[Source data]
----

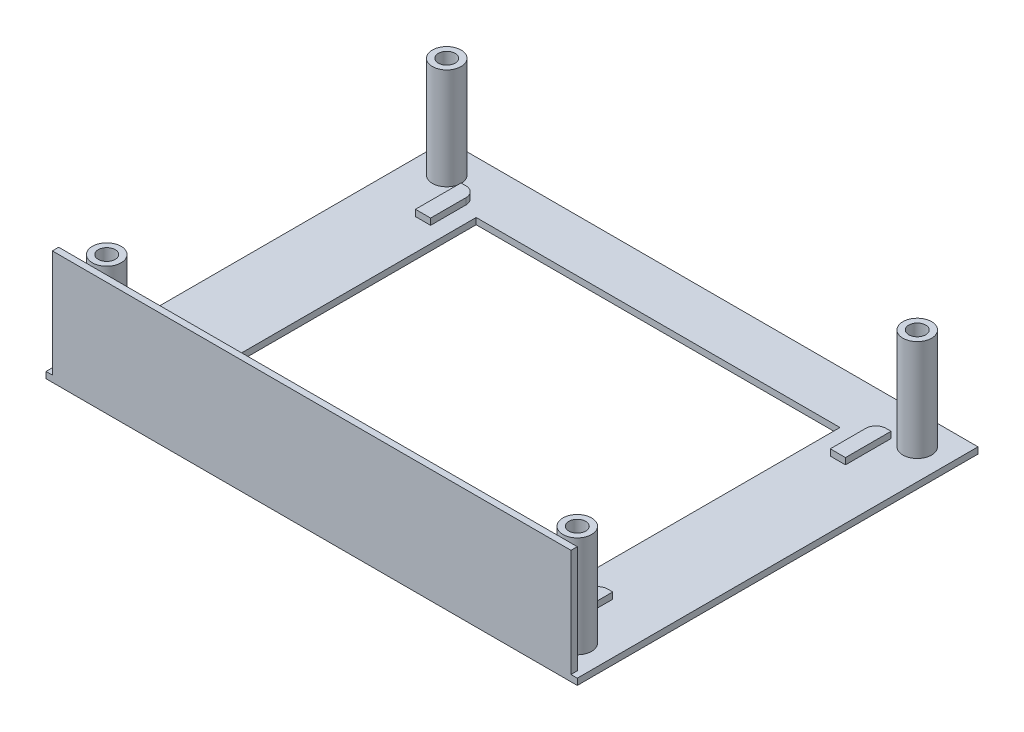
SolidWorks part; units mm, degrees
ref_plane "Front Plane" through (0, 0, 0) normal (0, 0, 1) x (1, 0, 0)
ref_plane "Top Plane" through (0, 0, 0) normal (0, 1, 0) x (1, 0, 0)
ref_plane "Right Plane" through (0, 0, 0) normal (1, 0, 0) x (0, 0, -1)
sketch "Sketch1" plane through (0, 0, 0) normal (0, 1, 0) x (1, 0, 0)
  line L1 (-45.6406, -34.1312) -> (45.6406, -34.1312)
  line L2 (-45.6406, -34.1312) -> (-45.6406, 34.1313)
  line L3 (-45.6406, 34.1313) -> (45.6406, 34.1313)
  line L4 (45.6406, -34.1312) -> (45.6406, 34.1313)
  line L5 (-45.6406, -34.1312) -> (45.6406, 34.1313) construction
  line L6 (-45.6406, 34.1313) -> (45.6406, -34.1312) construction
  line L7 (-49.6406, 38.1313) -> (50.6406, 38.1313)
  line L8 (-49.6406, 35.5913) -> (-49.6406, -43.1312)
  line L9 (-49.6406, -43.1312) -> (50.6406, -43.1312)
  line L10 (50.6406, -34.2413) -> (50.6406, -43.1312)
  line L11 (19.6844, -43.1312) -> (-7.5719, -43.1312)
  line L12 (19.6844, -43.1312) -> (19.6844, -49.4812)
  line L13 (19.6844, -49.4812) -> (-7.5719, -49.4812)
  line L14 (-7.5719, -43.1312) -> (-7.5719, -49.4812)
  line L15 (-66.1506, 47.2512) -> (67.1506, 47.2512)
  line L16 (-66.1506, 47.2512) -> (-66.1506, -53.2912)
  line L17 (-66.1506, -53.2912) -> (67.1506, -53.2912)
  line L18 (67.1506, 47.2512) -> (67.1506, -53.2912)
  line L19 (-52.1806, 38.1313) -> (-53.4506, 38.1313)
  line L20 (-49.6406, 38.1313) -> (-49.6406, 26.7013)
  line L21 (-49.6406, 26.7013) -> (-53.4506, 26.7013)
  line L22 (-53.4506, 38.1313) -> (-53.4506, 26.7013)
  line L23 (53.1806, 38.1313) -> (54.4506, 38.1313)
  line L24 (50.6406, 38.1313) -> (50.6406, 26.7013)
  line L25 (50.6406, 26.7013) -> (54.4506, 26.7013)
  line L26 (54.4506, 38.1313) -> (54.4506, 26.7013)
  line L27 (-49.6406, -43.1312) -> (-53.4506, -43.1312)
  line L28 (-49.6406, -43.1312) -> (-49.6406, -34.2413)
  line L29 (-52.1806, -31.7012) -> (-53.4506, -31.7012)
  line L30 (-53.4506, -43.1312) -> (-53.4506, -31.7012)
  line L31 (50.6406, -43.1312) -> (54.4506, -43.1312)
  line L32 (50.6406, -43.1312) -> (50.6406, -31.7012)
  line L33 (53.1806, -31.7012) -> (54.4506, -31.7012)
  line L34 (54.4506, -43.1312) -> (54.4506, -31.7012)
  line L35 (-53.4506, -46.9412) -> (-36.9406, -46.9412)
  line L36 (-53.4506, -46.9412) -> (-53.4506, -43.1312)
  line L37 (-53.4506, -43.1312) -> (-36.9406, -43.1312)
  line L38 (-36.9406, -46.9412) -> (-36.9406, -43.1312)
  line L39 (54.4506, -43.1312) -> (39.2106, -43.1312)
  line L40 (54.4506, -43.1312) -> (54.4506, -46.9412)
  line L41 (54.4506, -46.9412) -> (39.2106, -46.9412)
  line L42 (39.2106, -43.1312) -> (39.2106, -46.9412)
  line L43 (-66.1506, -53.2912) -> (67.1506, -53.2912)
  line L44 (-66.1506, -53.2912) -> (-66.1506, -51.7038)
  line L45 (-66.1506, -51.7038) -> (67.1506, -51.7038)
  line L46 (67.1506, -53.2912) -> (67.1506, -51.7038)
  line L47 (-66.1506, -51.7038) -> (-64.5631, -51.7038)
  line L48 (-66.1506, -51.7038) -> (-66.1506, -53.2912)
  line L49 (-66.1506, -53.2912) -> (-64.5631, -53.2913)
  line L50 (-64.5631, -51.7038) -> (-64.5631, -53.2913)
  line L51 (67.1506, -51.7038) -> (65.5631, -51.7038)
  line L52 (67.1506, -51.7038) -> (67.1506, -53.2912)
  line L53 (67.1506, -53.2912) -> (65.5631, -53.2913)
  line L54 (65.5631, -51.7038) -> (65.5631, -53.2913)
  arc A0 (-49.6406, 35.5913) -> (-52.1806, 38.1313) centre (-52.1806, 35.5913) ccw
  arc A1 (50.6406, 35.5912) -> (53.1806, 38.1313) centre (53.1806, 35.5913) cw
  arc A2 (50.6406, -34.2413) -> (53.1806, -31.7012) centre (53.1806, -34.2412) cw
  arc A3 (-49.6406, -34.2413) -> (-52.1806, -31.7012) centre (-52.1806, -34.2412) ccw
  circle A4 centre (59.5306, 39.6312) radius 3.6
  circle A5 centre (-58.5306, 39.6312) radius 3.6
  circle A6 centre (59.5306, -45.6712) radius 3.6
  circle A7 centre (-58.5306, -45.6713) radius 3.6
  circle A8 centre (-58.5306, 39.6312) radius 2.125
  circle A9 centre (59.5306, 39.6312) radius 2.125
  circle A10 centre (59.5306, -45.6712) radius 2.125
  circle A11 centre (-58.5306, -45.6713) radius 2.125
  point P0 (0, 0)
  point P14 (0, 0)
  point P48 (-49.6406, -31.7012)
  dimension "D24" = 2.54
  dimension "D25" = 2.54
  dimension "D20" = 2.54
  dimension "D26" = 2.54
  dimension "D27" = 7.62
  dimension "D35" = 1.5875
  dimension "D1" = 91.2812
  dimension "D2" = 68.2625
  dimension "D3" = 4
  dimension "D4" = 4
  dimension "D5" = 5
  dimension "D6" = 9
  dimension "D7" = 30.9562
  dimension "D8" = 42.0688
  dimension "D9" = 6.35
  dimension "D10" = 16.51
  dimension "D11" = 16.51
  dimension "D12" = 3.81
  dimension "D13" = 11.43
  dimension "D14" = 3.81
  dimension "D15" = 3.81
  dimension "D16" = 11.43
  dimension "D17" = 3.81
  dimension "D18" = 16.51
  dimension "D19" = 3.81
  dimension "D21" = 11.43
  dimension "D22" = 11.43
  dimension "D23" = 3.81
  dimension "D28" = 7.62
  dimension "D29" = 7.62
  dimension "D30" = 7.62
  dimension "D31" = 7.62
  dimension "D32" = 7.62
  dimension "D33" = 7.62
  dimension "D34" = 7.62
  dimension "D36" = 1.5875
  dimension "D37" = 1.5875
extrude "Boss-Extrude1" add sketch "Sketch1" against normal blind 1.5875 contours L17 L18 L15 L16
extrude "Boss-Extrude2" add sketch "Sketch1<3>" along normal blind 25.4 contours A5 A8 | A4 A9 | A6 A10 | A7 A11 region at (56.0324, 0, -39.6312) region at (-62.0288, 0, -39.6312) region at (56.0324, 0, 45.6712) region at (-62.0288, 0, 45.6713)
sketch "Sketch1<3>" plane through (0, 0, 0) normal (0, 1, 0) x (1, 0, 0) same geometry as "Sketch1"
extrude "Boss-Extrude4" add sketch "Sketch1<6>" along normal blind 1.5875 contours L8 A0 L19 L22 L21 | A1 L24 L25 L26 L23 | A2 L10 L31 L34 L33 | L9 L42 L41 L40 L31 | L35 L38 L9 L27 L36 | L8 A3 L29 L30 L27 region at (52.5895, 0, -32.2472) region at (46.8306, 0, 45.0362) region at (-51.5895, 0, 37.5853) region at (-51.5895, 0, -32.2472) region at (-45.1956, 0, 45.0362) region at (52.5895, 0, 37.5853)
sketch "Sketch1<6>" plane through (0, 0, 0) normal (0, 1, 0) x (1, 0, 0) same geometry as "Sketch1"
extrude "Cut-Extrude1" cut sketch "Sketch1<7>" against normal blind 4.1275 contours L1 L4 L3 L2 region at (0, 0, 0)
sketch "Sketch1<7>" plane through (0, 0, 0) normal (0, 1, 0) x (1, 0, 0) same geometry as "Sketch1"
extrude "Boss-Extrude5" add sketch "Sketch1<9>" along normal blind 26.9875 contours L54 L45 L50 L43 region at (0.5, 0, 52.4975)
sketch "Sketch1<9>" plane through (0, 0, 0) normal (0, 1, 0) x (1, 0, 0) same geometry as "Sketch1"

----

» **Work required**
Give back the records above exactly, limited to the lines between the one holding "line L32 (50.6406, -43.1312)" and the one holding "line L36 (-53.4506, -46.9412)", inclusive.

» **Solution to this task**
  line L32 (50.6406, -43.1312) -> (50.6406, -31.7012)
  line L33 (53.1806, -31.7012) -> (54.4506, -31.7012)
  line L34 (54.4506, -43.1312) -> (54.4506, -31.7012)
  line L35 (-53.4506, -46.9412) -> (-36.9406, -46.9412)
  line L36 (-53.4506, -46.9412) -> (-53.4506, -43.1312)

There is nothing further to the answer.